O. dioica were collected at the Oregon Institute of Marine Biology (Charleston, OR). Animals were cultured in the laboratory at the University of Oregon (Eugene, OR) at 13°C in 10-μm filtered sea-water for several generations. The transparency of Oikopleura embryos and adults allows noninvasive study of internal morphology at the level of individual cells. For some images, we merged DIC optical sections using Adobe Photoshop software to achieve integrated visualization of structures in different focal planes (Fig. 1C,D).

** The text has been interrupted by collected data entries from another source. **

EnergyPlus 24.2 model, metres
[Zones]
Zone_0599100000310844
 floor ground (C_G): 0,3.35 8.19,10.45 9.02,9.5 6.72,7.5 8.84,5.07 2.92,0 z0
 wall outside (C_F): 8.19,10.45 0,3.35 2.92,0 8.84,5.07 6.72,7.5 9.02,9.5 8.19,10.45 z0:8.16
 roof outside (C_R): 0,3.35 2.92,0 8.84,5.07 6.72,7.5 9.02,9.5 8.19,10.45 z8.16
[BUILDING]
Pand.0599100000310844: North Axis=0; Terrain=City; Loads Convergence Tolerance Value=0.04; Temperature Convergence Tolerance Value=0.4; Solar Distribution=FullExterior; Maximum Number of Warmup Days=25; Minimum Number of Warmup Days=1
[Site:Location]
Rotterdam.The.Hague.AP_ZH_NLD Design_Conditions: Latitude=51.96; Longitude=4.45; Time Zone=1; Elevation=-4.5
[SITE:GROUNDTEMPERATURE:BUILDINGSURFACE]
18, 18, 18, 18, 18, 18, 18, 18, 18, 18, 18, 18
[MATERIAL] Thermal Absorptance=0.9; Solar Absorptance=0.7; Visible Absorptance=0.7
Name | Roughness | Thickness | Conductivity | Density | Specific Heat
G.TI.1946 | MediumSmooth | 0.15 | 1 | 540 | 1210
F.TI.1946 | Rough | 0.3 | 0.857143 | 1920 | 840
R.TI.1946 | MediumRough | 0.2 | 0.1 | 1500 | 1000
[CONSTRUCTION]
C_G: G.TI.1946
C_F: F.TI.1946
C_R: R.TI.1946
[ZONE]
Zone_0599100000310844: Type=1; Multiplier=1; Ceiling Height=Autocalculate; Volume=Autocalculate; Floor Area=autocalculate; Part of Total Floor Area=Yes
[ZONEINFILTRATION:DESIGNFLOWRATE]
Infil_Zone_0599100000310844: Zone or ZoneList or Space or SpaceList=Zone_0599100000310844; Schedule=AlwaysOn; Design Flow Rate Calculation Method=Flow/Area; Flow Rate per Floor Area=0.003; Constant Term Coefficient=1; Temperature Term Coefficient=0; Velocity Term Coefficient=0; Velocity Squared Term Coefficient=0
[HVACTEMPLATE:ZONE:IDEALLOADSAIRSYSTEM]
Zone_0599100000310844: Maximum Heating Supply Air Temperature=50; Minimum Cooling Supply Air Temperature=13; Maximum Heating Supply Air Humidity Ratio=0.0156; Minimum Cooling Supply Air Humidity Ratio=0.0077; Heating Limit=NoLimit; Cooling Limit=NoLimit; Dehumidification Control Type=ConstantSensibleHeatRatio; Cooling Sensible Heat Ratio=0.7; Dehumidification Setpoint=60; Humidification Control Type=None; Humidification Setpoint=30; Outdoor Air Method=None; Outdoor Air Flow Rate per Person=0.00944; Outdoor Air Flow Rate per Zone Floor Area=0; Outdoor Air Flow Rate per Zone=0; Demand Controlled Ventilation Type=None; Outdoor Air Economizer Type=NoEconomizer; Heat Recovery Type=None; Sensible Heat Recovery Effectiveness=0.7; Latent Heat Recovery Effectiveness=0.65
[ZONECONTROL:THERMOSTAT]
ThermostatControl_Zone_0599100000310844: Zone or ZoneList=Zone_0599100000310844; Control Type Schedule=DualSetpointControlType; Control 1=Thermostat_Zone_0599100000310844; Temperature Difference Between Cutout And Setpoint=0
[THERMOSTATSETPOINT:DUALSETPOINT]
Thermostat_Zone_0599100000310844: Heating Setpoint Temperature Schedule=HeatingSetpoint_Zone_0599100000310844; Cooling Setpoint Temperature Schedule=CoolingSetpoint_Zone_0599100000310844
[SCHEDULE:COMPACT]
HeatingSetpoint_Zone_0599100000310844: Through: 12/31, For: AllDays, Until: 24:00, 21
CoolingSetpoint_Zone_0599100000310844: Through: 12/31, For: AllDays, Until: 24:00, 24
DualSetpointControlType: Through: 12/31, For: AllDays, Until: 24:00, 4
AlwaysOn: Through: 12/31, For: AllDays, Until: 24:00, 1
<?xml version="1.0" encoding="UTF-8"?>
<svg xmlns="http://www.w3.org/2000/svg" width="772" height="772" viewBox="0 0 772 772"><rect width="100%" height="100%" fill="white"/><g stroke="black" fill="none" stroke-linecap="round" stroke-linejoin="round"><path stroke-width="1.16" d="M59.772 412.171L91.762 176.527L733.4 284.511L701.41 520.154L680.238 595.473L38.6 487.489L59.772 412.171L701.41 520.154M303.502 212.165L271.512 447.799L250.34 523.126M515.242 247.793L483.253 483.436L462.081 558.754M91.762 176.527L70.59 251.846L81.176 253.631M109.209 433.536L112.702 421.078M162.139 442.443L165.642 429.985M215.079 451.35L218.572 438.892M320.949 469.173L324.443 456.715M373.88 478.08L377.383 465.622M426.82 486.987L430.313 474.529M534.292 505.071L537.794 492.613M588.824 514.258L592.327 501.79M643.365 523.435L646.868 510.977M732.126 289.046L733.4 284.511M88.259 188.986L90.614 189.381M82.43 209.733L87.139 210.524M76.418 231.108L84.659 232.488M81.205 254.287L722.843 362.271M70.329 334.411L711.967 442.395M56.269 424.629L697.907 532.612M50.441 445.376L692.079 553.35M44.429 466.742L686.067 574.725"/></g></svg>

Whole-Mount In Situ Hybridization
Whole-mount in situ hybridization was performed as described previously (Bassham and Postlethwait,2000; Cañestro and Postlethwait,2007) with minor modifications: fixed, dehydrated embryos were dechorionated manually with glass needles before re-hydration; Tween-20 concentration was increased from 0.1% to 0.15% in the hybridization buffer, in the PBT solution and in the posthybridization washing buffers; and embryos were mounted in 80% glycerol for microscopy. Riboprobes for detecting the expression of Otxc (GenBank accession no. AY897557), Hox1 (GenBank accession no. AY871214), Pax2/5/8a (GenBank accession no. AY870648), and Pax2/5/8b (GenBank accession no. AY870649) genes are described in (Cañestro et al.,2005).
We thank skipper B. Young of the “Charming Polly” for help in collecting larvaceans. We thank E. Sanders and M. Fajer for help experiments, and three anonymous reviewers for thoughtful comments.